- Episode no.: Season 3 Episode 1
- Directed by: Vince Gilligan
- Written by: Vince Gilligan; Peter Gould;
- Editing by: Skip Macdonald
- Original air date: April 10, 2017
- Running time: 52 minutes

Guest appearances
- Dylan Riley Snyder as The Shoplifter; Cara Pifko as Paige Novick; Brendan Fehr as Captain Bauer; Joe DeRosa as Dr. Caldera; John Christian Love as Ernesto;

Episode chronology
| ← Previous "Klick" | Next → "Witness" |
- Better Call Saul season 3

= Mabel (Better Call Saul) =

"Mabel" is the third-season premiere of the American television drama series Better Call Saul, the spinoff series of Breaking Bad. Co-written by series creators Vince Gilligan and Peter Gould and directed by Gilligan, the episode aired on April 10, 2017 on AMC in the United States. Outside of the United States, the episode premiered on streaming service Netflix in several countries.

==Plot==
===Opening===
In a flashforward, Gene Takavic has lunch at the Omaha mall where he manages a Cinnabon. He reluctantly points out a hiding shoplifter to police, but yells to the shoplifter to remain silent and hire a lawyer. After returning to work, a stressed Gene suddenly collapses.

===Main story===
Jimmy tells Howard Hamlin that Chuck McGill is not resigning from HHM. He helps Chuck remove the foil from his walls and finds a copy of The Adventures of Mabel, a book that the brothers read together during their youth. Jimmy tries to reminisce but Chuck says he will not forget the fraud Jimmy committed to steal the Mesa Verde account for Kim Wexler. (Note: As depicted in "Fifi".)

Captain Bauer confronts Jimmy about fraudulently entering the Air Force base and threatens to press charges if Jimmy does not pull his commercial off the air. Jimmy momentarily cracks because Bauer's arguments sound like ones Chuck would make but is ultimately unmoved.

Chuck plays Jimmy's confession to Howard, who questions its value since it will not make Mesa Verde return to HHM, and the way it was elicited prevents using it in court, but Chuck assures him the recording has a use. Chuck later asks Ernesto to change the recorder's batteries, and Ernesto hears part of the recording. Chuck compels Ernesto to promise not to repeat what he heard.

Mike Ehrmantraut drives away from the location where he tried to kill Hector Salamanca (Note: As depicted in "Klick".) and unsuccessfully checks his car for a tracking device.

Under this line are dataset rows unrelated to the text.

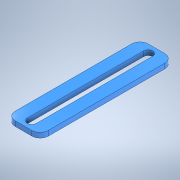
# Autodesk Inventor part: Carriage_Horizontal_Spacer
Saved by Autodesk Inventor 2021 (Build 250183000, 183)
## iProperties
Created: 2021-10-04
Part Number: Carriage_Horizontal_Spacer
Material: Generic
Document SubType Name: Modeling
Designer: Jorian Bruslind
Density: 1 g/cm^3
Appearance: Cyan
Author: Jorian Bruslind
Autodesk Inventor part; units mm, degrees
ref_plane "YZ Plane" through (0, 0, 0) normal (1, 0, 0) x (0, 1, 0)
ref_plane "XZ Plane" through (0, 0, 0) normal (0, 1, 0) x (-1, 0, 0)
ref_plane "XY Plane" through (0, 0, 0) normal (0, 0, 1) x (1, 0, 0)
sketch "Sketch1" plane through (0, 0, 0) normal (0, 1, 0) x (-1, 0, 0)
  line L0 (0, 0) -> (-20, 0)
  line L1 (-20, 0) -> (-20, -80)
  line L2 (-20, -80) -> (0, -80)
  line L3 (0, -80) -> (0, 0)
  line L4 (-10, 0) -> (-10, -5)
  line L5 (-10, -5) -> (-10, -75) construction
  line L6 (-12.75, -5) -> (-12.75, -75)
  line L7 (-7.25, -75) -> (-7.25, -5)
  arc A0 (-7.25, -5) -> (-12.75, -5) centre (-10, -5) ccw
  arc A1 (-12.75, -75) -> (-7.25, -75) centre (-10, -75) ccw
  line L8 (-10, -5) -> (60, -5) construction
  point P0 (-10, -40)
  dimension "d0" = 20
  dimension "d1" = 80
  dimension "d2" = 5
  dimension "d3" = 70
  dimension "d4" = 90
  dimension "d5" = 5.5
  constraints: 20 end point, 4 point on circle, 4 tangent, 3 parallel, 2 centre point, 2 horizontal, 2 midpoint, 2 perpendicular, 2 vertical
  measures "d0" distance of L2.end L1.end
  measures "d1" distance of L1.end L0.end
  measures "d2" distance of L4.start L4.end
  measures "d3" distance of L4.end L5.end
  measures "d4" angle of L5 L8
  measures "d5" diameter of A1
extrude "Extrusion1" add sketch "Sketch1" along normal blind 3
fillet "Fillet1" radius 5 4 edges at (20, 1.5, 0) (0, 1.5, 0) (20, 1.5, -80) (0, 1.5, -80)
body "Solid1"

Certain he was followed, he completely dismantles the station wagon he was driving at a local junkyard but finds nothing. While looking at a sales display of gas caps, he has an epiphany and takes apart the one from the station wagon, where he finds a battery-operated tracker.

After finding the tracking device, Mike obtains an identical one from Dr. Caldera, studies its function, and discovers it remotely warns the operator when the battery runs low. He replaces the tracker in the gas cap of his sedan with the new one, drains the battery of the one he took from his sedan, and stays awake all night to watch the sedan. In the early morning, someone arrives to change the tracker for one with a fresh battery. Because the man who replaced the tracker is actually carrying the one Mike placed on his car, Mike is able to follow him.

==Production==
This episode was written by show creators Vince Gilligan and Peter Gould, with Gilligan directing.

==Reception==
===Ratings===
Upon airing, the episode received 1.81 million American viewers, and an 18–49 rating of 0.7.

===Critical reception===
The episode received acclaim from critics. On Rotten Tomatoes, the episode has a perfect 100% rating with an average score of 8.67 out of 10 based on 16 reviews. The site's critical consensus reads, "Odenkirk and Banks carry their respective portions of "Mabel" with ease and innuendo in an episode that enlivens its familiar aesthetic with a peppier-than-normal pace."